Act-43 姉妹の確執 後編
「シェリーはシロでしょう?」
「あぁ、95%な。5%は姉の尋問をみてどうでるかってとこだが」
「シェリーの事だから噛みつきそうですがねぇ」
「ライ…… 諸星がもし、ディーヴァに絡んでいたら、宮野明美に何か言っているかもしれねぇ。それを聞きだす」
「それこそ、シェリーの方が自白剤を打たせろと言いだしそうですが」
「違いねぇ。 それから組織の息のかかった弁護士を呼べ。明日の朝一で二人の戸籍を転居させる。 明後日には研究施設の引っ越しと、解体処理を。―…… それから」

ジンの指示は次々に飛び、ウォッカは反芻しながら記憶した。



「知らないわよ! 大君は裏切りものだなんて信じないわ!」

―…… パン!

頬が鳴った。

「大君は、裏切ったりしない! 散々組織の為に撃ってきたじゃない! 罪のない人たちを!」
「罪のない人だと? やはり、テメェは妹と違って役立たずだな」
「あんた達よりましよ! 妹をいいように操って!」
「自分の低脳を棚にあげんじゃねぇ!」

ジンは容赦なく頬を叩く。
両手を椅子の後で縛られて居るので椅子ごと倒れるが助け起こしてくれる味方は居ない。

「……っ」
「良いか。テメェの両親は組織の優秀な科学者だった。 にも拘らず、姉の方は役立たず。
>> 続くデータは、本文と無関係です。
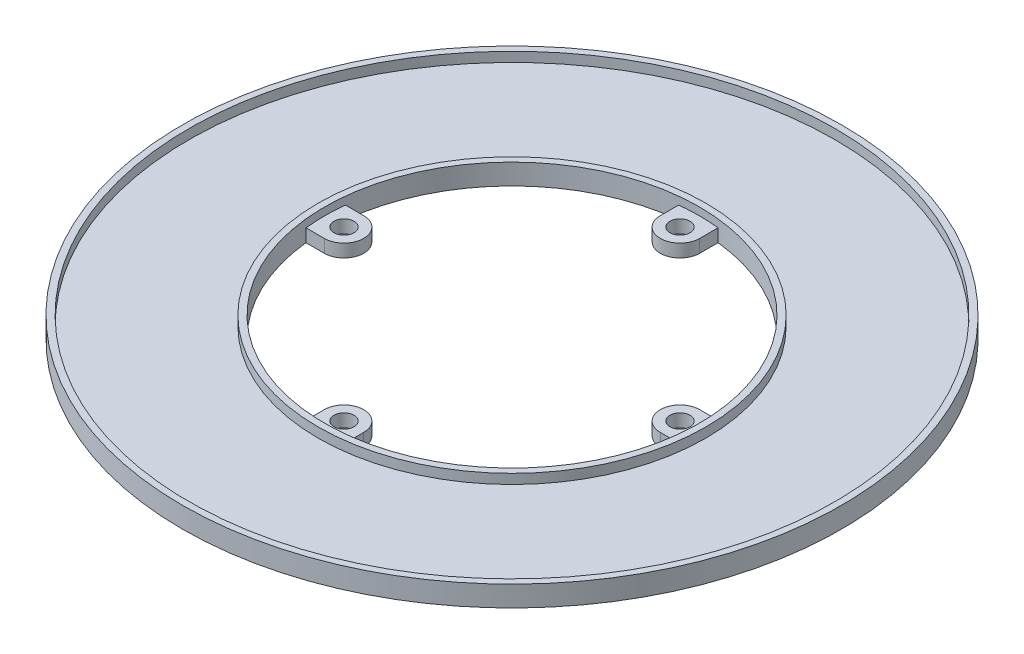
ISO-10303-21;
HEADER;
FILE_DESCRIPTION(('STEP AP214'),'2;1');
FILE_NAME('part.step','',(''),(''),'','','');
FILE_SCHEMA(('AUTOMOTIVE_DESIGN { 1 0 10303 214 1 1 1 1 }'));
ENDSEC;
DATA;
#1=APPLICATION_CONTEXT('core data for automotive mechanical design processes');
#2=APPLICATION_PROTOCOL_DEFINITION('international standard','automotive_design',2000,#1);
#3=PRODUCT_CONTEXT('',#1,'mechanical');
#4=PRODUCT('Part','Part','',(#3));
#5=PRODUCT_RELATED_PRODUCT_CATEGORY('part','',(#4));
#6=PRODUCT_DEFINITION_FORMATION('','',#4);
#7=PRODUCT_DEFINITION_CONTEXT('part definition',#1,'design');
#8=PRODUCT_DEFINITION('design','',#6,#7);
#9=PRODUCT_DEFINITION_SHAPE('','',#8);
#10=(LENGTH_UNIT() NAMED_UNIT(*) SI_UNIT(.MILLI.,.METRE.));
#11=(NAMED_UNIT(*) PLANE_ANGLE_UNIT() SI_UNIT($,.RADIAN.));
#12=(NAMED_UNIT(*) SI_UNIT($,.STERADIAN.) SOLID_ANGLE_UNIT());
#13=UNCERTAINTY_MEASURE_WITH_UNIT(LENGTH_MEASURE(1.E-05),#10,'distance_accuracy_value','');
#14=(GEOMETRIC_REPRESENTATION_CONTEXT(3) GLOBAL_UNCERTAINTY_ASSIGNED_CONTEXT((#13)) GLOBAL_UNIT_ASSIGNED_CONTEXT((#10,
#11,#12)) REPRESENTATION_CONTEXT('',''));
#15=CARTESIAN_POINT('',(0.,0.,0.));
#16=DIRECTION('',(0.,0.,1.));
#17=DIRECTION('',(1.,0.,0.));
#18=AXIS2_PLACEMENT_3D('',#15,#16,#17);
#19=CARTESIAN_POINT('',(0.,0.,0.));
#20=DIRECTION('',(0.,-1.,0.));
#21=DIRECTION('',(0.,0.,-1.));
#22=AXIS2_PLACEMENT_3D('',#19,#20,#21);
#23=CYLINDRICAL_SURFACE('',#22,29.);
#24=CARTESIAN_POINT('',(0.,3.2,0.));
#25=DIRECTION('',(0.,-1.,0.));
#26=DIRECTION('',(0.,0.,-1.));
#27=AXIS2_PLACEMENT_3D('',#24,#25,#26);
#28=CIRCLE('',#27,29.);
#29=CARTESIAN_POINT('',(0.,3.2,-29.));
#30=VERTEX_POINT('',#29);
#31=EDGE_CURVE('E289',#30,#30,#28,.T.);
#32=ORIENTED_EDGE('',*,*,#31,.F.);
#33=EDGE_LOOP('',(#32));
#34=FACE_BOUND('',#33,.T.);
#35=CARTESIAN_POINT('',(0.,2.,0.));
#36=DIRECTION('',(0.,-1.,0.));
#37=DIRECTION('',(0.,0.,-1.));
#38=AXIS2_PLACEMENT_3D('',#35,#36,#37);
#39=CIRCLE('',#38,29.);
#40=CARTESIAN_POINT('',(-28.8391660767089,2.,3.04999999999999));
#41=VERTEX_POINT('',#40);
#42=CARTESIAN_POINT('',(-28.8391660767089,2.,-3.05000000000001));
#43=VERTEX_POINT('',#42);
#44=EDGE_CURVE('E55',#41,#43,#39,.T.);
#45=ORIENTED_EDGE('',*,*,#44,.T.);
#46=DIRECTION('',(0.,-1.,0.));
#47=VECTOR('',#46,1.);
#48=CARTESIAN_POINT('',(-28.8391660767089,2.,-3.04999999999999));
#49=LINE('',#48,#47);
#50=CARTESIAN_POINT('',(-28.8391660767089,0.,-3.04999999999999));
#51=VERTEX_POINT('',#50);
#52=EDGE_CURVE('E295',#43,#51,#49,.T.);
#53=ORIENTED_EDGE('',*,*,#52,.T.);
#54=CARTESIAN_POINT('',(0.,0.,0.));
#55=DIRECTION('',(0.,-1.,0.));
#56=DIRECTION('',(0.,0.,-1.));
#57=AXIS2_PLACEMENT_3D('',#54,#55,#56);
#58=CIRCLE('',#57,29.);
#59=CARTESIAN_POINT('',(-3.05,0.,-28.8391660767089));
#60=VERTEX_POINT('',#59);
#61=EDGE_CURVE('E47',#51,#60,#58,.T.);
#62=ORIENTED_EDGE('',*,*,#61,.T.);
#63=DIRECTION('',(0.,-1.,0.));
#64=VECTOR('',#63,1.);
#65=CARTESIAN_POINT('',(-3.05,2.,-28.8391660767089));
#66=LINE('',#65,#64);
#67=CARTESIAN_POINT('',(-3.05,2.,-28.8391660767089));
#68=VERTEX_POINT('',#67);
#69=EDGE_CURVE('E186',#68,#60,#66,.T.);
#70=ORIENTED_EDGE('',*,*,#69,.F.);
#71=CARTESIAN_POINT('',(0.,2.,0.));
#72=DIRECTION('',(0.,-1.,0.));
#73=DIRECTION('',(0.,0.,-1.));
#74=AXIS2_PLACEMENT_3D('',#71,#72,#73);
#75=CIRCLE('',#74,29.);
#76=CARTESIAN_POINT('',(3.05,2.,-28.8391660767089));
#77=VERTEX_POINT('',#76);
#78=EDGE_CURVE('E209',#68,#77,#75,.T.);
#79=ORIENTED_EDGE('',*,*,#78,.T.);
#80=DIRECTION('',(0.,-1.,0.));
#81=VECTOR('',#80,1.);
#82=CARTESIAN_POINT('',(3.04999999999999,2.,-28.8391660767089));
#83=LINE('',#82,#81);
#84=CARTESIAN_POINT('',(3.04999999999999,0.,-28.8391660767089));
#85=VERTEX_POINT('',#84);
#86=EDGE_CURVE('E169',#77,#85,#83,.T.);
#87=ORIENTED_EDGE('',*,*,#86,.T.);
#88=CARTESIAN_POINT('',(28.8391660767089,0.,-3.05));
#89=VERTEX_POINT('',#88);
#90=EDGE_CURVE('E293',#85,#89,#58,.T.);
#91=ORIENTED_EDGE('',*,*,#90,.T.);
#92=DIRECTION('',(0.,-1.,0.));
#93=VECTOR('',#92,1.);
#94=CARTESIAN_POINT('',(28.8391660767089,2.,-3.05));
#95=LINE('',#94,#93);
#96=CARTESIAN_POINT('',(28.8391660767089,2.,-3.05));
#97=VERTEX_POINT('',#96);
#98=EDGE_CURVE('E215',#97,#89,#95,.T.);
#99=ORIENTED_EDGE('',*,*,#98,.F.);
#100=CARTESIAN_POINT('',(0.,2.,0.));
#101=DIRECTION('',(0.,-1.,0.));
#102=DIRECTION('',(0.,0.,-1.));
#103=AXIS2_PLACEMENT_3D('',#100,#101,#102);
#104=CIRCLE('',#103,29.);
#105=CARTESIAN_POINT('',(28.8391660767089,2.,3.05));
#106=VERTEX_POINT('',#105);
#107=EDGE_CURVE('E239',#97,#106,#104,.T.);
#108=ORIENTED_EDGE('',*,*,#107,.T.);
#109=DIRECTION('',(0.,-1.,0.));
#110=VECTOR('',#109,1.);
#111=CARTESIAN_POINT('',(28.8391660767089,2.,3.05));
#112=LINE('',#111,#110);
#113=CARTESIAN_POINT('',(28.8391660767089,0.,3.05));
#114=VERTEX_POINT('',#113);
#115=EDGE_CURVE('E203',#106,#114,#112,.T.);
#116=ORIENTED_EDGE('',*,*,#115,.T.);
#117=CARTESIAN_POINT('',(3.05,0.,28.8391660767089));
#118=VERTEX_POINT('',#117);
#119=EDGE_CURVE('E48',#114,#118,#58,.T.);
#120=ORIENTED_EDGE('',*,*,#119,.T.);
#121=DIRECTION('',(0.,-1.,0.));
#122=VECTOR('',#121,1.);
#123=CARTESIAN_POINT('',(3.05,2.,28.8391660767089));
#124=LINE('',#123,#122);
#125=CARTESIAN_POINT('',(3.05,2.,28.8391660767089));
#126=VERTEX_POINT('',#125);
#127=EDGE_CURVE('E266',#126,#118,#124,.T.);
#128=ORIENTED_EDGE('',*,*,#127,.F.);
#129=CARTESIAN_POINT('',(0.,2.,0.));
#130=DIRECTION('',(0.,-1.,0.));
#131=DIRECTION('',(0.,0.,-1.));
#132=AXIS2_PLACEMENT_3D('',#129,#130,#131);
#133=CIRCLE('',#132,29.);
#134=CARTESIAN_POINT('',(-3.05,2.,28.8391660767089));
#135=VERTEX_POINT('',#134);
#136=EDGE_CURVE('E246',#126,#135,#133,.T.);
#137=ORIENTED_EDGE('',*,*,#136,.T.);
#138=DIRECTION('',(0.,-1.,0.));
#139=VECTOR('',#138,1.);
#140=CARTESIAN_POINT('',(-3.04999999999999,2.,28.8391660767089));
#141=LINE('',#140,#139);
#142=CARTESIAN_POINT('',(-3.04999999999999,0.,28.8391660767089));
#143=VERTEX_POINT('',#142);
#144=EDGE_CURVE('E269',#135,#143,#141,.T.);
#145=ORIENTED_EDGE('',*,*,#144,.T.);
#146=CARTESIAN_POINT('',(-28.8391660767089,0.,3.04999999999999));
#147=VERTEX_POINT('',#146);
#148=EDGE_CURVE('E11',#143,#147,#58,.T.);
#149=ORIENTED_EDGE('',*,*,#148,.T.);
#150=DIRECTION('',(0.,-1.,0.));
#151=VECTOR('',#150,1.);
#152=CARTESIAN_POINT('',(-28.8391660767089,2.,3.04999999999999));
#153=LINE('',#152,#151);
#154=EDGE_CURVE('E59',#41,#147,#153,.T.);
#155=ORIENTED_EDGE('',*,*,#154,.F.);
#156=EDGE_LOOP('',(#45,#53,#62,#70,#79,#87,#91,#99,#108,#116,#120,#128,#137,#145,#149,#155));
#157=FACE_BOUND('',#156,.T.);
#158=ADVANCED_FACE('F39',(#34,#157),#23,.F.);
#159=CARTESIAN_POINT('',(51.,0.,0.));
#160=DIRECTION('',(0.,-1.,0.));
#161=DIRECTION('',(0.,0.,-1.));
#162=AXIS2_PLACEMENT_3D('',#159,#160,#161);
#163=PLANE('',#162);
#164=CARTESIAN_POINT('',(26.,0.,0.));
#165=DIRECTION('',(0.,-1.,0.));
#166=DIRECTION('',(0.,0.,-1.));
#167=AXIS2_PLACEMENT_3D('',#164,#165,#166);
#168=CIRCLE('',#167,1.55);
#169=CARTESIAN_POINT('',(26.,0.,-1.55000000000009));
#170=VERTEX_POINT('',#169);
#171=EDGE_CURVE('E652',#170,#170,#168,.T.);
#172=ORIENTED_EDGE('',*,*,#171,.F.);
#173=EDGE_LOOP('',(#172));
#174=FACE_BOUND('',#173,.T.);
#175=CARTESIAN_POINT('',(0.,0.,26.));
#176=DIRECTION('',(0.,-1.,0.));
#177=DIRECTION('',(0.,0.,-1.));
#178=AXIS2_PLACEMENT_3D('',#175,#176,#177);
#179=CIRCLE('',#178,1.55);
#180=CARTESIAN_POINT('',(0.,0.,24.45));
#181=VERTEX_POINT('',#180);
#182=EDGE_CURVE('E646',#181,#181,#179,.T.);
#183=ORIENTED_EDGE('',*,*,#182,.F.);
#184=EDGE_LOOP('',(#183));
#185=FACE_BOUND('',#184,.T.);
#186=CARTESIAN_POINT('',(-1.81557029619843E-13,0.,-26.));
#187=DIRECTION('',(0.,-1.,0.));
#188=DIRECTION('',(0.,0.,-1.));
#189=AXIS2_PLACEMENT_3D('',#186,#187,#188);
#190=CIRCLE('',#189,1.55);
#191=CARTESIAN_POINT('',(-1.81557029619843E-13,0.,-27.55));
#192=VERTEX_POINT('',#191);
#193=EDGE_CURVE('E650',#192,#192,#190,.T.);
#194=ORIENTED_EDGE('',*,*,#193,.F.);
#195=EDGE_LOOP('',(#194));
#196=FACE_BOUND('',#195,.T.);
#197=CARTESIAN_POINT('',(-26.,0.,2.72335544429764E-13));
#198=DIRECTION('',(0.,-1.,0.));
#199=DIRECTION('',(0.,0.,-1.));
#200=AXIS2_PLACEMENT_3D('',#197,#198,#199);
#201=CIRCLE('',#200,1.55);
#202=CARTESIAN_POINT('',(-26.,0.,-1.54999999999973));
#203=VERTEX_POINT('',#202);
#204=EDGE_CURVE('E662',#203,#203,#201,.T.);
#205=ORIENTED_EDGE('',*,*,#204,.F.);
#206=EDGE_LOOP('',(#205));
#207=FACE_BOUND('',#206,.T.);
#208=CARTESIAN_POINT('',(0.,0.,0.));
#209=DIRECTION('',(0.,-1.,0.));
#210=DIRECTION('',(0.,0.,-1.));
#211=AXIS2_PLACEMENT_3D('',#208,#209,#210);
#212=CIRCLE('',#211,51.);
#213=CARTESIAN_POINT('',(0.,0.,-51.));
#214=VERTEX_POINT('',#213);
#215=EDGE_CURVE('E272',#214,#214,#212,.T.);
#216=ORIENTED_EDGE('',*,*,#215,.T.);
#217=EDGE_LOOP('',(#216));
#218=FACE_BOUND('',#217,.T.);
#219=ORIENTED_EDGE('',*,*,#148,.F.);
#220=DIRECTION('',(0.,0.,1.));
#221=VECTOR('',#220,1.);
#222=CARTESIAN_POINT('',(-3.05,0.,26.));
#223=LINE('',#222,#221);
#224=CARTESIAN_POINT('',(-3.05,0.,26.));
#225=VERTEX_POINT('',#224);
#226=EDGE_CURVE('E233',#225,#143,#223,.T.);
#227=ORIENTED_EDGE('',*,*,#226,.F.);
#228=CARTESIAN_POINT('',(0.,0.,26.));
#229=DIRECTION('',(0.,-1.,0.));
#230=DIRECTION('',(0.,0.,-1.));
#231=AXIS2_PLACEMENT_3D('',#228,#229,#230);
#232=CIRCLE('',#231,3.05);
#233=CARTESIAN_POINT('',(3.05,0.,26.));
#234=VERTEX_POINT('',#233);
#235=EDGE_CURVE('E247',#225,#234,#232,.T.);
#236=ORIENTED_EDGE('',*,*,#235,.T.);
#237=DIRECTION('',(0.,0.,1.));
#238=VECTOR('',#237,1.);
#239=CARTESIAN_POINT('',(3.05,0.,26.));
#240=LINE('',#239,#238);
#241=EDGE_CURVE('E258',#234,#118,#240,.T.);
#242=ORIENTED_EDGE('',*,*,#241,.T.);
#243=ORIENTED_EDGE('',*,*,#119,.F.);
#244=DIRECTION('',(1.,0.,0.));
#245=VECTOR('',#244,1.);
#246=CARTESIAN_POINT('',(26.,0.,3.05));
#247=LINE('',#246,#245);
#248=CARTESIAN_POINT('',(26.,0.,3.04999999999991));
#249=VERTEX_POINT('',#248);
#250=EDGE_CURVE('E230',#249,#114,#247,.T.);
#251=ORIENTED_EDGE('',*,*,#250,.F.);
#252=CARTESIAN_POINT('',(26.,0.,0.));
#253=DIRECTION('',(0.,-1.,0.));
#254=DIRECTION('',(0.,0.,-1.));
#255=AXIS2_PLACEMENT_3D('',#252,#253,#254);
#256=CIRCLE('',#255,3.05);
#257=CARTESIAN_POINT('',(26.,0.,-3.05000000000009));
#258=VERTEX_POINT('',#257);
#259=EDGE_CURVE('E223',#249,#258,#256,.T.);
#260=ORIENTED_EDGE('',*,*,#259,.T.);
#261=DIRECTION('',(1.,0.,0.));
#262=VECTOR('',#261,1.);
#263=CARTESIAN_POINT('',(26.,0.,-3.05));
#264=LINE('',#263,#262);
#265=EDGE_CURVE('E226',#258,#89,#264,.T.);
#266=ORIENTED_EDGE('',*,*,#265,.T.);
#267=ORIENTED_EDGE('',*,*,#90,.F.);
#268=DIRECTION('',(0.,0.,-1.));
#269=VECTOR('',#268,1.);
#270=CARTESIAN_POINT('',(3.05,0.,-26.));
#271=LINE('',#270,#269);
#272=CARTESIAN_POINT('',(3.04999999999982,0.,-26.));
#273=VERTEX_POINT('',#272);
#274=EDGE_CURVE('E200',#273,#85,#271,.T.);
#275=ORIENTED_EDGE('',*,*,#274,.F.);
#276=CARTESIAN_POINT('',(-1.81557029619843E-13,0.,-26.));
#277=DIRECTION('',(0.,-1.,0.));
#278=DIRECTION('',(0.,0.,-1.));
#279=AXIS2_PLACEMENT_3D('',#276,#277,#278);
#280=CIRCLE('',#279,3.05);
#281=CARTESIAN_POINT('',(-3.05000000000018,0.,-26.));
#282=VERTEX_POINT('',#281);
#283=EDGE_CURVE('E194',#273,#282,#280,.T.);
#284=ORIENTED_EDGE('',*,*,#283,.T.);
#285=DIRECTION('',(0.,0.,-1.));
#286=VECTOR('',#285,1.);
#287=CARTESIAN_POINT('',(-3.05,0.,-26.));
#288=LINE('',#287,#286);
#289=EDGE_CURVE('E197',#282,#60,#288,.T.);
#290=ORIENTED_EDGE('',*,*,#289,.T.);
#291=ORIENTED_EDGE('',*,*,#61,.F.);
#292=DIRECTION('',(-1.,0.,0.));
#293=VECTOR('',#292,1.);
#294=CARTESIAN_POINT('',(-26.,0.,-3.05));
#295=LINE('',#294,#293);
#296=CARTESIAN_POINT('',(-26.,0.,-3.04999999999973));
#297=VERTEX_POINT('',#296);
#298=EDGE_CURVE('E155',#297,#51,#295,.T.);
#299=ORIENTED_EDGE('',*,*,#298,.F.);
#300=CARTESIAN_POINT('',(-26.,0.,2.72335544429764E-13));
#301=DIRECTION('',(0.,-1.,0.));
#302=DIRECTION('',(0.,0.,-1.));
#303=AXIS2_PLACEMENT_3D('',#300,#301,#302);
#304=CIRCLE('',#303,3.05);
#305=CARTESIAN_POINT('',(-26.,0.,3.05000000000027));
#306=VERTEX_POINT('',#305);
#307=EDGE_CURVE('E167',#297,#306,#304,.T.);
#308=ORIENTED_EDGE('',*,*,#307,.T.);
#309=DIRECTION('',(-1.,0.,0.));
#310=VECTOR('',#309,1.);
#311=CARTESIAN_POINT('',(-26.,0.,3.04999999999999));
#312=LINE('',#311,#310);
#313=EDGE_CURVE('E170',#306,#147,#312,.T.);
#314=ORIENTED_EDGE('',*,*,#313,.T.);
#315=EDGE_LOOP('',(#219,#227,#236,#242,#243,#251,#260,#266,#267,#275,#284,#290,#291,#299,#308,#314));
#316=FACE_BOUND('',#315,.T.);
#317=ADVANCED_FACE('F41',(#174,#185,#196,#207,#218,#316),#163,.T.);
#318=CARTESIAN_POINT('',(29.,3.2,0.));
#319=DIRECTION('',(0.,1.,0.));
#320=DIRECTION('',(0.,0.,1.));
#321=AXIS2_PLACEMENT_3D('',#318,#319,#320);
#322=PLANE('',#321);
#323=ORIENTED_EDGE('',*,*,#31,.T.);
#324=EDGE_LOOP('',(#323));
#325=FACE_BOUND('',#324,.T.);
#326=CARTESIAN_POINT('',(0.,3.2,0.));
#327=DIRECTION('',(0.,-1.,0.));
#328=DIRECTION('',(0.,0.,-1.));
#329=AXIS2_PLACEMENT_3D('',#326,#327,#328);
#330=CIRCLE('',#329,30.);
#331=CARTESIAN_POINT('',(0.,3.2,-30.));
#332=VERTEX_POINT('',#331);
#333=EDGE_CURVE('E287',#332,#332,#330,.T.);
#334=ORIENTED_EDGE('',*,*,#333,.F.);
#335=EDGE_LOOP('',(#334));
#336=FACE_BOUND('',#335,.T.);
#337=ADVANCED_FACE('F328',(#325,#336),#322,.T.);
#338=CARTESIAN_POINT('',(0.,0.,0.));
#339=DIRECTION('',(0.,-1.,0.));
#340=DIRECTION('',(0.,0.,-1.));
#341=AXIS2_PLACEMENT_3D('',#338,#339,#340);
#342=CYLINDRICAL_SURFACE('',#341,30.);
#343=ORIENTED_EDGE('',*,*,#333,.T.);
#344=EDGE_LOOP('',(#343));
#345=FACE_BOUND('',#344,.T.);
#346=CARTESIAN_POINT('',(0.,1.7,0.));
#347=DIRECTION('',(0.,-1.,0.));
#348=DIRECTION('',(0.,0.,-1.));
#349=AXIS2_PLACEMENT_3D('',#346,#347,#348);
#350=CIRCLE('',#349,30.);
#351=CARTESIAN_POINT('',(0.,1.7,-30.));
#352=VERTEX_POINT('',#351);
#353=EDGE_CURVE('E284',#352,#352,#350,.T.);
#354=ORIENTED_EDGE('',*,*,#353,.F.);
#355=EDGE_LOOP('',(#354));
#356=FACE_BOUND('',#355,.T.);
#357=ADVANCED_FACE('F333',(#345,#356),#342,.T.);
#358=CARTESIAN_POINT('',(30.,1.7,0.));
#359=DIRECTION('',(0.,1.,0.));
#360=DIRECTION('',(0.,0.,1.));
#361=AXIS2_PLACEMENT_3D('',#358,#359,#360);
#362=PLANE('',#361);
#363=ORIENTED_EDGE('',*,*,#353,.T.);
#364=EDGE_LOOP('',(#363));
#365=FACE_BOUND('',#364,.T.);
#366=CARTESIAN_POINT('',(0.,1.7,0.));
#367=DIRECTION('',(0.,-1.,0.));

妹は才能溢れる科学者だ。 よく 鳶が鷹を産んだと言うが、テメェは鷹が鳶を産んだ ー…… 比べられた鳶の方が可哀想かもしれねぇな」
「くっ……」

妹と暮らしたくて、必死になった。
けれど、養父母達は、組織内の息がかかってて、暴力を振るったりはなかったものの、いつもいつも、影で嘲笑って居た。
妹と暮らしたい。
其れだけが願いだった。

両親と比べられ、妹と比べられ、大学に入る時は奨学金で、寮に入り、バイトと勉強をして過ごした。
留学し、海外で一流の研究者と共に英才教育を受け、飛び級であっという間に、中学、高校、大学、そして、大学院迄卒業し、博士号まで取得した妹は毎月、潤沢な予算を与えられ、節約倹約で育った自分とは大違いだった。
養父母がいて、一定水準の生活をして、世間体の手前、大学出るまでは生活保証が有ったが、大学で奨学金を取れたのは、血の繋がりがなく、それなりの成績を持って居たからだ。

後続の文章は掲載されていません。